:: Instructions to follow ::
From the listing below, copy only the lines from the line that contains "#185=AXIS2_PLACEMENT_3D('',#182,#183,#184);" to the line that contains "#193=ORIENTED_EDGE('',*,*,#68,.T.);", counting those two lines as part of the copy.

:: Available data ::
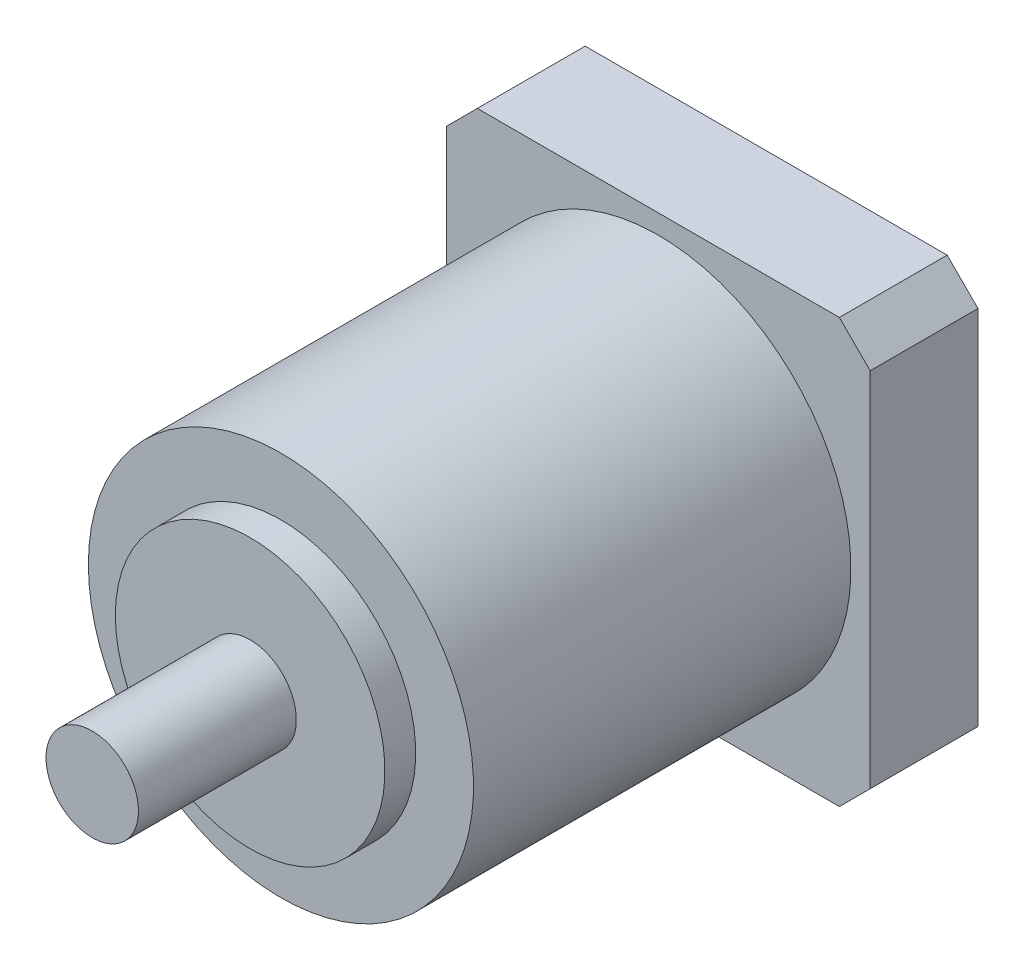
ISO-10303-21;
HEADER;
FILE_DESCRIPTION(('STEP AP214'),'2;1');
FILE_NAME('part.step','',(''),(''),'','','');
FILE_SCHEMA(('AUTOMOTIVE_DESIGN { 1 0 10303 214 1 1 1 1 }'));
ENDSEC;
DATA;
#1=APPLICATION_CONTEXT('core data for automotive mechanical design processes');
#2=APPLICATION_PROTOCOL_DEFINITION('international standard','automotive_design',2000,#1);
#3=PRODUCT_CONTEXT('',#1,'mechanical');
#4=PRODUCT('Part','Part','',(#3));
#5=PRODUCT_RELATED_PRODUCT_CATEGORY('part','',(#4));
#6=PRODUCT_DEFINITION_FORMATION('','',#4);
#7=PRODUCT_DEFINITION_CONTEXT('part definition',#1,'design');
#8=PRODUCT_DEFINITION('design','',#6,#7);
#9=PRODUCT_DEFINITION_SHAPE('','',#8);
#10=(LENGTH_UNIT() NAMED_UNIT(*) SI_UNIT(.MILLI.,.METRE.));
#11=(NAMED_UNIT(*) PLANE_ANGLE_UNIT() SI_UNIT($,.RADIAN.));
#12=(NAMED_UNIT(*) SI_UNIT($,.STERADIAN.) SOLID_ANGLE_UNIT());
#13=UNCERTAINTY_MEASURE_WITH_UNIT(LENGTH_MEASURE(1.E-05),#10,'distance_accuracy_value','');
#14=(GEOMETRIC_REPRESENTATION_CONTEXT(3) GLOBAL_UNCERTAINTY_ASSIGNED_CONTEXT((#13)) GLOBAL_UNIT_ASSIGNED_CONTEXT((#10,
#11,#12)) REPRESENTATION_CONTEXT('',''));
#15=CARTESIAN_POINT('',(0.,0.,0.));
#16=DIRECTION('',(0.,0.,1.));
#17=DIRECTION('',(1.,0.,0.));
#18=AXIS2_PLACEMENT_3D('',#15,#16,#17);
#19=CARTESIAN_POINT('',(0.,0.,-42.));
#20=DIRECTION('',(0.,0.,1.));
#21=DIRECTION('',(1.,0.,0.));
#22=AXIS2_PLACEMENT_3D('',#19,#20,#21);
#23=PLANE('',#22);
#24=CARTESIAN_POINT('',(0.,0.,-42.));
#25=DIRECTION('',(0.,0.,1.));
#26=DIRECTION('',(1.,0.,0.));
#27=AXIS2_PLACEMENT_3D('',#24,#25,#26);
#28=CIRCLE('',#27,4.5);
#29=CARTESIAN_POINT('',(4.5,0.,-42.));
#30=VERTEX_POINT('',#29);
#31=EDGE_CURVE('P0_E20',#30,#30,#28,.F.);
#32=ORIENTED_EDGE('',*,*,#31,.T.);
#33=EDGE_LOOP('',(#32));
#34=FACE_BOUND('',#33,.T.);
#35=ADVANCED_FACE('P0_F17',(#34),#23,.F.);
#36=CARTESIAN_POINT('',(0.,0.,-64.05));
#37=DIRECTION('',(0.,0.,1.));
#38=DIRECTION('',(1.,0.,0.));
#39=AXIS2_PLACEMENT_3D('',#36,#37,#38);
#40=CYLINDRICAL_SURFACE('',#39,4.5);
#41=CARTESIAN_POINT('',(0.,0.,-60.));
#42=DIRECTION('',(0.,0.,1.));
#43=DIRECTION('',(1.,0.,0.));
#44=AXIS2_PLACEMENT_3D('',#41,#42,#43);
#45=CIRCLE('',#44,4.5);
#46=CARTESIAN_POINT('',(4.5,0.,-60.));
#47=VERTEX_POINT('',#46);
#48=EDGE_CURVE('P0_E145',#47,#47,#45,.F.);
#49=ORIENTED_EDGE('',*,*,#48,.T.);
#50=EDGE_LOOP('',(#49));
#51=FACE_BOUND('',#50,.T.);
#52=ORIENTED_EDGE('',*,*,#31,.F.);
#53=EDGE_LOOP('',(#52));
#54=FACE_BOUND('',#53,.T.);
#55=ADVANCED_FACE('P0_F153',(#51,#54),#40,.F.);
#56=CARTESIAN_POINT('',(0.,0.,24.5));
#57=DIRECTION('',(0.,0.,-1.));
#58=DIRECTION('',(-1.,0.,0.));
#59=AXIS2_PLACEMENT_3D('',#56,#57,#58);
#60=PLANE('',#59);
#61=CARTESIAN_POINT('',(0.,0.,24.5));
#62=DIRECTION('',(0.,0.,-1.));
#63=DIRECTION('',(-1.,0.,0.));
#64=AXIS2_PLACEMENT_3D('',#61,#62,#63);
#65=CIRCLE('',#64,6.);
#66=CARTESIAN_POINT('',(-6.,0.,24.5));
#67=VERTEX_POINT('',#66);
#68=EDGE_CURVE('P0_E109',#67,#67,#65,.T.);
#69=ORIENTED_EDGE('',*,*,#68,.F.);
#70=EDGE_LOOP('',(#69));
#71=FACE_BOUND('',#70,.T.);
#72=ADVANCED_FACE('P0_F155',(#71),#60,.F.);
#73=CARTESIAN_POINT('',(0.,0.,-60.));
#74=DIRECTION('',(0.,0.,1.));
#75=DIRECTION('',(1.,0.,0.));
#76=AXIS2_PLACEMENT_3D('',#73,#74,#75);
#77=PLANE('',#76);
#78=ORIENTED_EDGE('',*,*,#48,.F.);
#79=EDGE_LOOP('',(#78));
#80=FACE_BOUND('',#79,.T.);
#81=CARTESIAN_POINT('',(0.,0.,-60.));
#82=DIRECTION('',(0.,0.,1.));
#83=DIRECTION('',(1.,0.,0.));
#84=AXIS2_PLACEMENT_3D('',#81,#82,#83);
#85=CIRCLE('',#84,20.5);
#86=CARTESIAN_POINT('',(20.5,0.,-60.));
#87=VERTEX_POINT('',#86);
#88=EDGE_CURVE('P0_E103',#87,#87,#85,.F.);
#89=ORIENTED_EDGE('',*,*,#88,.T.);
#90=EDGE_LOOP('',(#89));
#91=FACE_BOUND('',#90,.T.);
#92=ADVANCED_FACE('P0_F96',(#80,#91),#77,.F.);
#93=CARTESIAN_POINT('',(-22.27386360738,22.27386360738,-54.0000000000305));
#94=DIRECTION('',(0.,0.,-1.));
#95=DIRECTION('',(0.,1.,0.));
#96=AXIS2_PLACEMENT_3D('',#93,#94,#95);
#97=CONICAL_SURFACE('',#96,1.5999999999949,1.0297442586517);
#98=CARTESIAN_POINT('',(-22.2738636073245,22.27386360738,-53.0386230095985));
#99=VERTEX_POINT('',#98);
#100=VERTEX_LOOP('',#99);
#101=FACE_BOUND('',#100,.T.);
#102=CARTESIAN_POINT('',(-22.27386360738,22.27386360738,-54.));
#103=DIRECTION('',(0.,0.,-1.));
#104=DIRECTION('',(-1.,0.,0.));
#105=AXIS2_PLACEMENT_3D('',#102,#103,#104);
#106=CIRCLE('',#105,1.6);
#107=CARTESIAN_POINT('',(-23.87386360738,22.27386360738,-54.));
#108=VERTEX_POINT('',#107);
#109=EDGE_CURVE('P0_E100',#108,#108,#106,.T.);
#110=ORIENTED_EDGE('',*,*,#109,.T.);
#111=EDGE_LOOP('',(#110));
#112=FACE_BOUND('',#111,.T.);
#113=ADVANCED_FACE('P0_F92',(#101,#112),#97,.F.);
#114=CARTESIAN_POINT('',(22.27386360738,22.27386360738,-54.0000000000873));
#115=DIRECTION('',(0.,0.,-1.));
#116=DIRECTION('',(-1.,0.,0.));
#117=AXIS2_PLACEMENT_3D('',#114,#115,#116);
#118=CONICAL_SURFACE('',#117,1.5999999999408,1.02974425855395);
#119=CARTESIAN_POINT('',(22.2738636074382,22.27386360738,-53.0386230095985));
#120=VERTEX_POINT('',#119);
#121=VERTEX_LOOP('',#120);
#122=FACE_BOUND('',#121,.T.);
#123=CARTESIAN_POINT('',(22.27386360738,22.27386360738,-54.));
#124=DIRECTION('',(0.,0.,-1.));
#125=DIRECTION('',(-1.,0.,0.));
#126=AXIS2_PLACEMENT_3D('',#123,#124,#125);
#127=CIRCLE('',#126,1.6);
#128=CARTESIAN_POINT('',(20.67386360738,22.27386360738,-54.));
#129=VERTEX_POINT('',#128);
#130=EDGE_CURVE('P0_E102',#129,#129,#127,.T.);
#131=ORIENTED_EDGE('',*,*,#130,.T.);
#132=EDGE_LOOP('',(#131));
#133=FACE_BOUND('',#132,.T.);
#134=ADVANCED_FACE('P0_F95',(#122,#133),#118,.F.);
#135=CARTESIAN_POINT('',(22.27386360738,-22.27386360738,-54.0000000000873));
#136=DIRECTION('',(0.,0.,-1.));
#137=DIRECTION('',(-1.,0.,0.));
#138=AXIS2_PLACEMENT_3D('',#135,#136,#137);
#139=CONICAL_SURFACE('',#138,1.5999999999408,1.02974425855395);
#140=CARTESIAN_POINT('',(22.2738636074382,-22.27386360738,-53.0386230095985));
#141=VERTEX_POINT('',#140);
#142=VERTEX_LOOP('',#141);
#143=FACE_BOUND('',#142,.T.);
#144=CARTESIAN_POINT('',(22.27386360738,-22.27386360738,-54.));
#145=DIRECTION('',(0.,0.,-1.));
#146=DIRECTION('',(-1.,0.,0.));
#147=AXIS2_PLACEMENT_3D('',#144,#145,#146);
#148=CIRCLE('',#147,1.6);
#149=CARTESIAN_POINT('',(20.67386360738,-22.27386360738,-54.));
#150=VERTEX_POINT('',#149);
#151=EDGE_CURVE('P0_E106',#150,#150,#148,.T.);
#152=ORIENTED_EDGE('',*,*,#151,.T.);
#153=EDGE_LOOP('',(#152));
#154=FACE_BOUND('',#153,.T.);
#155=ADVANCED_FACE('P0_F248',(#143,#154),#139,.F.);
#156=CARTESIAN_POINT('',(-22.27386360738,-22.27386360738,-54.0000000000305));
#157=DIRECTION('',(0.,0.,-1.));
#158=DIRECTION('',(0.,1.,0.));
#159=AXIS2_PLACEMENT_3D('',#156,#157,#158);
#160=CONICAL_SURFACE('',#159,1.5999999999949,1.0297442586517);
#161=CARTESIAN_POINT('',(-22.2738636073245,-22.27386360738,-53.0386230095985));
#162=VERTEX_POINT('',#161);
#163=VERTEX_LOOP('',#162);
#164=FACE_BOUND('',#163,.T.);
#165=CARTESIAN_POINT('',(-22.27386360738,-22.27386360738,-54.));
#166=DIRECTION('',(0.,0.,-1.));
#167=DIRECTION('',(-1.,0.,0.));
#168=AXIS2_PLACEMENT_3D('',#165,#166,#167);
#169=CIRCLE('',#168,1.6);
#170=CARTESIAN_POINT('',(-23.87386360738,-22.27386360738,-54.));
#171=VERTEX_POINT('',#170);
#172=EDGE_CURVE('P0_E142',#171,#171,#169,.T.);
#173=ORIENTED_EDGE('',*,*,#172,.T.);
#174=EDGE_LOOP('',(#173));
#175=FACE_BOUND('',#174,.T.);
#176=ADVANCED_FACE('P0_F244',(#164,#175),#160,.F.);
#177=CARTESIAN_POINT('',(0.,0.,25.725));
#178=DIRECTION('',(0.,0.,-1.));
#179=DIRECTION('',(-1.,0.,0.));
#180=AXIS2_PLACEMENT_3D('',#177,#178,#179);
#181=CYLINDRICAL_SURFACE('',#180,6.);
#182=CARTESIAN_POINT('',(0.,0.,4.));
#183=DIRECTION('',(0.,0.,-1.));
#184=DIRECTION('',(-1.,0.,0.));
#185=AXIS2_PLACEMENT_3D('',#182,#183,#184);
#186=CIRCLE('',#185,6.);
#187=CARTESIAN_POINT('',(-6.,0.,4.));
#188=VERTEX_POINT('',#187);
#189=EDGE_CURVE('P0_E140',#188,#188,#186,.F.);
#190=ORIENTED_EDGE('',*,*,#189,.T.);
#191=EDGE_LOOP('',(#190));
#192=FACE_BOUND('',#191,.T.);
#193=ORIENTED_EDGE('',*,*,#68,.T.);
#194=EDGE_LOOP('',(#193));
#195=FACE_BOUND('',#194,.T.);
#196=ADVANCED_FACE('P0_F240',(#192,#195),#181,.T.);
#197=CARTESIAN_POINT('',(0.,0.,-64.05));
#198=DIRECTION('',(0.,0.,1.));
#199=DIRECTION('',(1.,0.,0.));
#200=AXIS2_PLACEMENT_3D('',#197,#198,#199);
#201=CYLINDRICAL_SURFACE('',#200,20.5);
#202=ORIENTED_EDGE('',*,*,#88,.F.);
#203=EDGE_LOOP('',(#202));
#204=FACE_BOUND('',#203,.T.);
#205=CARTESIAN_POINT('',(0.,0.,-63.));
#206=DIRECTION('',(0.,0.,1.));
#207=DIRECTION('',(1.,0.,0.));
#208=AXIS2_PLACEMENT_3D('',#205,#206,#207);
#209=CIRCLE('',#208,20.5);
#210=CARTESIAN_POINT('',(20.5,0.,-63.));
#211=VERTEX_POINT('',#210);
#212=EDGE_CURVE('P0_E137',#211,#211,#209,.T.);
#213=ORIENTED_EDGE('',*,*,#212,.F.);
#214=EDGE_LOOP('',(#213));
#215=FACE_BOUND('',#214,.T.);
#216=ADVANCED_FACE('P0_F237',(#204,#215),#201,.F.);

:: Answer ::
#185=AXIS2_PLACEMENT_3D('',#182,#183,#184);
#186=CIRCLE('',#185,6.);
#187=CARTESIAN_POINT('',(-6.,0.,4.));
#188=VERTEX_POINT('',#187);
#189=EDGE_CURVE('P0_E140',#188,#188,#186,.F.);
#190=ORIENTED_EDGE('',*,*,#189,.T.);
#191=EDGE_LOOP('',(#190));
#192=FACE_BOUND('',#191,.T.);
#193=ORIENTED_EDGE('',*,*,#68,.T.);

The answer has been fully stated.